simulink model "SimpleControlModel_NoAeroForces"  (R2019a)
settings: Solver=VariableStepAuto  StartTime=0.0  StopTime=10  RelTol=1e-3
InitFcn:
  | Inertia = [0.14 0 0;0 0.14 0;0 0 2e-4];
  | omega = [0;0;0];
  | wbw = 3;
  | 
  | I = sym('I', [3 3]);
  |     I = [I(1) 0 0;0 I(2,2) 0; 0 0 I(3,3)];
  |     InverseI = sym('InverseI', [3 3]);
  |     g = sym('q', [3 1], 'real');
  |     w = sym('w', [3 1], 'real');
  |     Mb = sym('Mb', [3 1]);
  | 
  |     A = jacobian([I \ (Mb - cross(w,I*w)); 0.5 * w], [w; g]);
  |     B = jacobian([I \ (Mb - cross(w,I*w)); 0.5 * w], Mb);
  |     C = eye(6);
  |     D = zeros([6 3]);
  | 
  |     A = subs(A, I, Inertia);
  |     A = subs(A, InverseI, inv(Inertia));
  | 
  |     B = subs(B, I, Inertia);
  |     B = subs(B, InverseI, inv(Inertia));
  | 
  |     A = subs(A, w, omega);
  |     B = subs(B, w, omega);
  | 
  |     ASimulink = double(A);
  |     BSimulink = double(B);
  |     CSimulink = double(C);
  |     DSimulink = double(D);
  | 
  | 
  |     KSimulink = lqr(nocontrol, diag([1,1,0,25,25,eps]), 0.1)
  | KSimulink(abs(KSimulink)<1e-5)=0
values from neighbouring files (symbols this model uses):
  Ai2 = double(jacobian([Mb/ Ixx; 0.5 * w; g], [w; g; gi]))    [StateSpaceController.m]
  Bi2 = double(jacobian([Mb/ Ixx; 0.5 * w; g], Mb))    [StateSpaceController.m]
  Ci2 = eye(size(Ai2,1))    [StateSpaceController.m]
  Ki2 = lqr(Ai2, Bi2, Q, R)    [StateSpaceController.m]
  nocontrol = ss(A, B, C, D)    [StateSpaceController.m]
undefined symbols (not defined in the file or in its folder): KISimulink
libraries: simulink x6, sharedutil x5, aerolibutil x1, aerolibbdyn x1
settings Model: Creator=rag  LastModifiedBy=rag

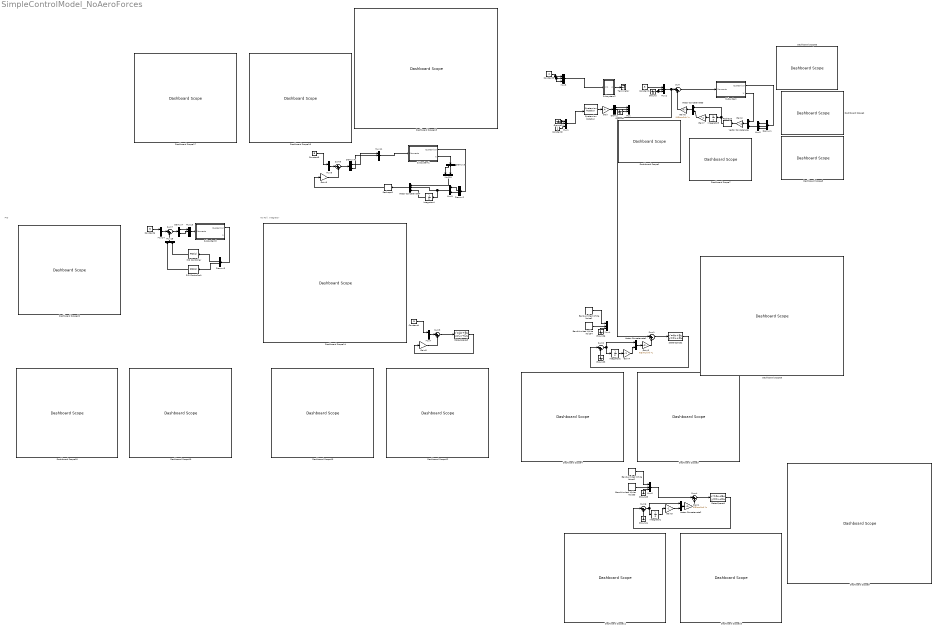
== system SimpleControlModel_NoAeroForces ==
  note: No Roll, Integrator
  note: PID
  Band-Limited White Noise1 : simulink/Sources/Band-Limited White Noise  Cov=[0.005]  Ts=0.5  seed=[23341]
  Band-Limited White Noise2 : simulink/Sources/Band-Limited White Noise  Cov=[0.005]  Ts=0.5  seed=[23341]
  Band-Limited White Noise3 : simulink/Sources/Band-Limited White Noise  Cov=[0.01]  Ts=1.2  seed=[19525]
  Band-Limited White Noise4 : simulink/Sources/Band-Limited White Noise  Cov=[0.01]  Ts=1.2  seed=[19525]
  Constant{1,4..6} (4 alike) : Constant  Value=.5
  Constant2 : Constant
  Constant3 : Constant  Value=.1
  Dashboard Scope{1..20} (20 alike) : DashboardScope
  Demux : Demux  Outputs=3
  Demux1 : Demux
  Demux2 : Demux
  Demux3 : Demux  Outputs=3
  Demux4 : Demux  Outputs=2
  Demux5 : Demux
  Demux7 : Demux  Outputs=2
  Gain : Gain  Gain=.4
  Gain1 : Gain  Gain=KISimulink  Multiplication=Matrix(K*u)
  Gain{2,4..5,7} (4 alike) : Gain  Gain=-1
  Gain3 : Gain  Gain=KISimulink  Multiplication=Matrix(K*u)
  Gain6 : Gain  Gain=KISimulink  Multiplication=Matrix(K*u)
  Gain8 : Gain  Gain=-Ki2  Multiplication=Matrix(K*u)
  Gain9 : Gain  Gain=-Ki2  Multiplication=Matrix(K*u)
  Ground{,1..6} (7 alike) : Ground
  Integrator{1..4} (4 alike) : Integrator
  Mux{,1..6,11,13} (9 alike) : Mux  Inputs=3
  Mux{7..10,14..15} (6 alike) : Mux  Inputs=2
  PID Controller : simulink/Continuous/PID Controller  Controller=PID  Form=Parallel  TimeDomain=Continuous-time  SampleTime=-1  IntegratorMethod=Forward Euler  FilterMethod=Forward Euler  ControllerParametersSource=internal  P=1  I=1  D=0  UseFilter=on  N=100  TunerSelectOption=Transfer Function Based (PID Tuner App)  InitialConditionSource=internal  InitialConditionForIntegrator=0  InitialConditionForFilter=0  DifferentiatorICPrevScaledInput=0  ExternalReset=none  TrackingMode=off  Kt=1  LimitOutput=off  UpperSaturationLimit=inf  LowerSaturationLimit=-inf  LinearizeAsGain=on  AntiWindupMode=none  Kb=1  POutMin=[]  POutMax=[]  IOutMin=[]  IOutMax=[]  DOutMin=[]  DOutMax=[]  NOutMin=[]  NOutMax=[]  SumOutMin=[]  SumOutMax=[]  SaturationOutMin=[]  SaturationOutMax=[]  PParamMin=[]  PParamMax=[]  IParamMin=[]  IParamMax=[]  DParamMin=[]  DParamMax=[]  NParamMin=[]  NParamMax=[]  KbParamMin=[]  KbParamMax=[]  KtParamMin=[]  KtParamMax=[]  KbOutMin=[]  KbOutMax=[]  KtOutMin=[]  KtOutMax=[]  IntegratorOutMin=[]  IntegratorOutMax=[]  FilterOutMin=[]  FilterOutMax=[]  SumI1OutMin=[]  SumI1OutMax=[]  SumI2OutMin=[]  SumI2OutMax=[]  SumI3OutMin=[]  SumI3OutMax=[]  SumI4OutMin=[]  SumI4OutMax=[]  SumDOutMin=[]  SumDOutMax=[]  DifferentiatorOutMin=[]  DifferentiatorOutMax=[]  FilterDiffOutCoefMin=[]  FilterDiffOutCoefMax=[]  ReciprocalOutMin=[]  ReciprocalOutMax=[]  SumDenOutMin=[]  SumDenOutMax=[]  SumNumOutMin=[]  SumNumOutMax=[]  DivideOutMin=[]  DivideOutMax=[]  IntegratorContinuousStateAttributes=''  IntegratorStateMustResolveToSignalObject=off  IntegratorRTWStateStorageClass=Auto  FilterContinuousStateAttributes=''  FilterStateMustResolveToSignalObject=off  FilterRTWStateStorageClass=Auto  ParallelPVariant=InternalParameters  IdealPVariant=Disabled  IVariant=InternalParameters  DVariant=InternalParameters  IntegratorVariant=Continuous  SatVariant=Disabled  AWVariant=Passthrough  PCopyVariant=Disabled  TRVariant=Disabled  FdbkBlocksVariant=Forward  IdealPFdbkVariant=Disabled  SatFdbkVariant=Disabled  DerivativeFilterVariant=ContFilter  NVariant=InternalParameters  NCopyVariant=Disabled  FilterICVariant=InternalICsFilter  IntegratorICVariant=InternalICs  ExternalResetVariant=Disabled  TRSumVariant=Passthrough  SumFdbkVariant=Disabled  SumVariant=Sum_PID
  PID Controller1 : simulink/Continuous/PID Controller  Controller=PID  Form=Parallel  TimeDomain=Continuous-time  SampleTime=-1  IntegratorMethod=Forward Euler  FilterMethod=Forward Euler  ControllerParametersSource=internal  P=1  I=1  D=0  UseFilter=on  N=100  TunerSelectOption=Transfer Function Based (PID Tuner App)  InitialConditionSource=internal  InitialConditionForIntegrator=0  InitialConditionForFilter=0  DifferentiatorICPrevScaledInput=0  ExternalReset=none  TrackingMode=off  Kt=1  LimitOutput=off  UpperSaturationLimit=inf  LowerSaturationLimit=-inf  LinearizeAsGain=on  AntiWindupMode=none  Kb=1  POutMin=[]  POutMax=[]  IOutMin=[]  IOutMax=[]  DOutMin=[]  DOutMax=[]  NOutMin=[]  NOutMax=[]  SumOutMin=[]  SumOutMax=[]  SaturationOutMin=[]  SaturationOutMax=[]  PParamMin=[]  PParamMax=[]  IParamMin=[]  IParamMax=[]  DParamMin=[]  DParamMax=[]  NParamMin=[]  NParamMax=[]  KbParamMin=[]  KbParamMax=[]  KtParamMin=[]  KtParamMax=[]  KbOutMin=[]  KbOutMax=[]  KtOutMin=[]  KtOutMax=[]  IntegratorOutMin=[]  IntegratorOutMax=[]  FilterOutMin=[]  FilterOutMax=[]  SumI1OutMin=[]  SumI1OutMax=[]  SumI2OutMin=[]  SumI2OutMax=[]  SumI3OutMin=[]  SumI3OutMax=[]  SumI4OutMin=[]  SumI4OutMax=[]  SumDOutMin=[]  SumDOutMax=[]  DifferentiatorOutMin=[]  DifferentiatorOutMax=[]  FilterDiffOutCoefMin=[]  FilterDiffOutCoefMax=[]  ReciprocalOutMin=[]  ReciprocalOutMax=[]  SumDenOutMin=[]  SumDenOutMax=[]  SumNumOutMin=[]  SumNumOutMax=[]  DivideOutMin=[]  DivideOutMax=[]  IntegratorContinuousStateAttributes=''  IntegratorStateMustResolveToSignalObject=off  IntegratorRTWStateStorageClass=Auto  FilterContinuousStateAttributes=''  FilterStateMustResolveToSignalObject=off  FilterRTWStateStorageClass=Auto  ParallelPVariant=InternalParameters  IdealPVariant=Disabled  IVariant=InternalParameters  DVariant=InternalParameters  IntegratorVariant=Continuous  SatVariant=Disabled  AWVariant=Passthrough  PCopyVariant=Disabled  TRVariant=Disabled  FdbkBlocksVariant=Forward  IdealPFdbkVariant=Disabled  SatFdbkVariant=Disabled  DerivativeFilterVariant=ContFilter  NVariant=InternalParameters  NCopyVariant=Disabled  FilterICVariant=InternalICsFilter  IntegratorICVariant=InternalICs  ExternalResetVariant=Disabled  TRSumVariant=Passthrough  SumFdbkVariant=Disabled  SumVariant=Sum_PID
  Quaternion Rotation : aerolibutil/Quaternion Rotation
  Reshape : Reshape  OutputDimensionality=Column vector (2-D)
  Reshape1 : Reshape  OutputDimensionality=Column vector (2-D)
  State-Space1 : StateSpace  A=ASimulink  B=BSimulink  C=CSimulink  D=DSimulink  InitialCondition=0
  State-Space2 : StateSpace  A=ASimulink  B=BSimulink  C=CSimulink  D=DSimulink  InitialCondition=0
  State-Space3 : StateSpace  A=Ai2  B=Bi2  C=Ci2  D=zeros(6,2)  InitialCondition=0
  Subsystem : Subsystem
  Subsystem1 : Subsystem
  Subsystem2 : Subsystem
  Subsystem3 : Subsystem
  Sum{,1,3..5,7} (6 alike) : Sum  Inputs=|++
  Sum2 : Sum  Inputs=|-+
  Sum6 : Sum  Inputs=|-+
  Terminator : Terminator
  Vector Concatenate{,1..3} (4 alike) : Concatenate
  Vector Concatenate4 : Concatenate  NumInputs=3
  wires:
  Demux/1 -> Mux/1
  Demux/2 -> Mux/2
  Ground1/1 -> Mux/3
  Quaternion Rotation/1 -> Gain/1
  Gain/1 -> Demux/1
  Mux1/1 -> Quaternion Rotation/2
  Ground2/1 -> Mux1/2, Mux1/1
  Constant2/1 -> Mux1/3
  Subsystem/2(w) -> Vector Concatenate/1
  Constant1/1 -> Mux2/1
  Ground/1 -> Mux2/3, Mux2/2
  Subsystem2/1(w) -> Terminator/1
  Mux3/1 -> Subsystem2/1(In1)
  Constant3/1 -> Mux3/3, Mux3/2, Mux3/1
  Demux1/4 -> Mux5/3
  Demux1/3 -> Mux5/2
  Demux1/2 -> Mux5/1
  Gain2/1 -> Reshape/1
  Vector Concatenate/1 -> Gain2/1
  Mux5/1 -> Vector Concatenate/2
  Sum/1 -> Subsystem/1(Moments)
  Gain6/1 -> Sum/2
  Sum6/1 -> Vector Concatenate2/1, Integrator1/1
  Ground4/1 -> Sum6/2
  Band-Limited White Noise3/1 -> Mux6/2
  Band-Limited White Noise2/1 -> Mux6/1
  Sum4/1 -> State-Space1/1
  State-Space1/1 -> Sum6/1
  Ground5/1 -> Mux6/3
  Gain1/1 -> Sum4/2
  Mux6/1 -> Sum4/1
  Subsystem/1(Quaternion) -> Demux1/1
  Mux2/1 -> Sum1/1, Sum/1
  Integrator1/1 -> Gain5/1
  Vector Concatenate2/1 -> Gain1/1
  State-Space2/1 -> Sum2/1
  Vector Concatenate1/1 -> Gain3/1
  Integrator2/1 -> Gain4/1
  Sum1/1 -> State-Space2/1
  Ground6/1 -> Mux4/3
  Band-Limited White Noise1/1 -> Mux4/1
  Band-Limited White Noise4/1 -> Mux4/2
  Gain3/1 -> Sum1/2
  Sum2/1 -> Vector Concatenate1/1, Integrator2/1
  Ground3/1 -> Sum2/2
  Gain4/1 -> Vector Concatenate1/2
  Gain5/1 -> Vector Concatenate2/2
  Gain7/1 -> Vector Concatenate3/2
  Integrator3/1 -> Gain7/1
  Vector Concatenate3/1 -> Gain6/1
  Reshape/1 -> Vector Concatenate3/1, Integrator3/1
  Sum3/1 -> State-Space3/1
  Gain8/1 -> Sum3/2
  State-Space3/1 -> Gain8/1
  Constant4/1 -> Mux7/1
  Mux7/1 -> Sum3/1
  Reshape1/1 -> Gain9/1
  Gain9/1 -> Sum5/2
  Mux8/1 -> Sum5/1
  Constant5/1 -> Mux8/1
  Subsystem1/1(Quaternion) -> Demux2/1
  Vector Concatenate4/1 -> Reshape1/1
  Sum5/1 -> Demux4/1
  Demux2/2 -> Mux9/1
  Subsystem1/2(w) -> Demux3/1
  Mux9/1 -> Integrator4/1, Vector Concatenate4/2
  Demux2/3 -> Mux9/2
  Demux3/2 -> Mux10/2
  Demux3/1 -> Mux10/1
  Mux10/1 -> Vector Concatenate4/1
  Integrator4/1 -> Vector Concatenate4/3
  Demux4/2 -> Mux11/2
####################
Only one part of the material above is to be transcribed, namely the lines starting with the line that has "Mux5/1 -> Vector Concatenate/2" and going on through the line that has "Ground5/1 -> Mux6/3", exactly as they stand.

  Mux5/1 -> Vector Concatenate/2
  Sum/1 -> Subsystem/1(Moments)
  Gain6/1 -> Sum/2
  Sum6/1 -> Vector Concatenate2/1, Integrator1/1
  Ground4/1 -> Sum6/2
  Band-Limited White Noise3/1 -> Mux6/2
  Band-Limited White Noise2/1 -> Mux6/1
  Sum4/1 -> State-Space1/1
  State-Space1/1 -> Sum6/1
  Ground5/1 -> Mux6/3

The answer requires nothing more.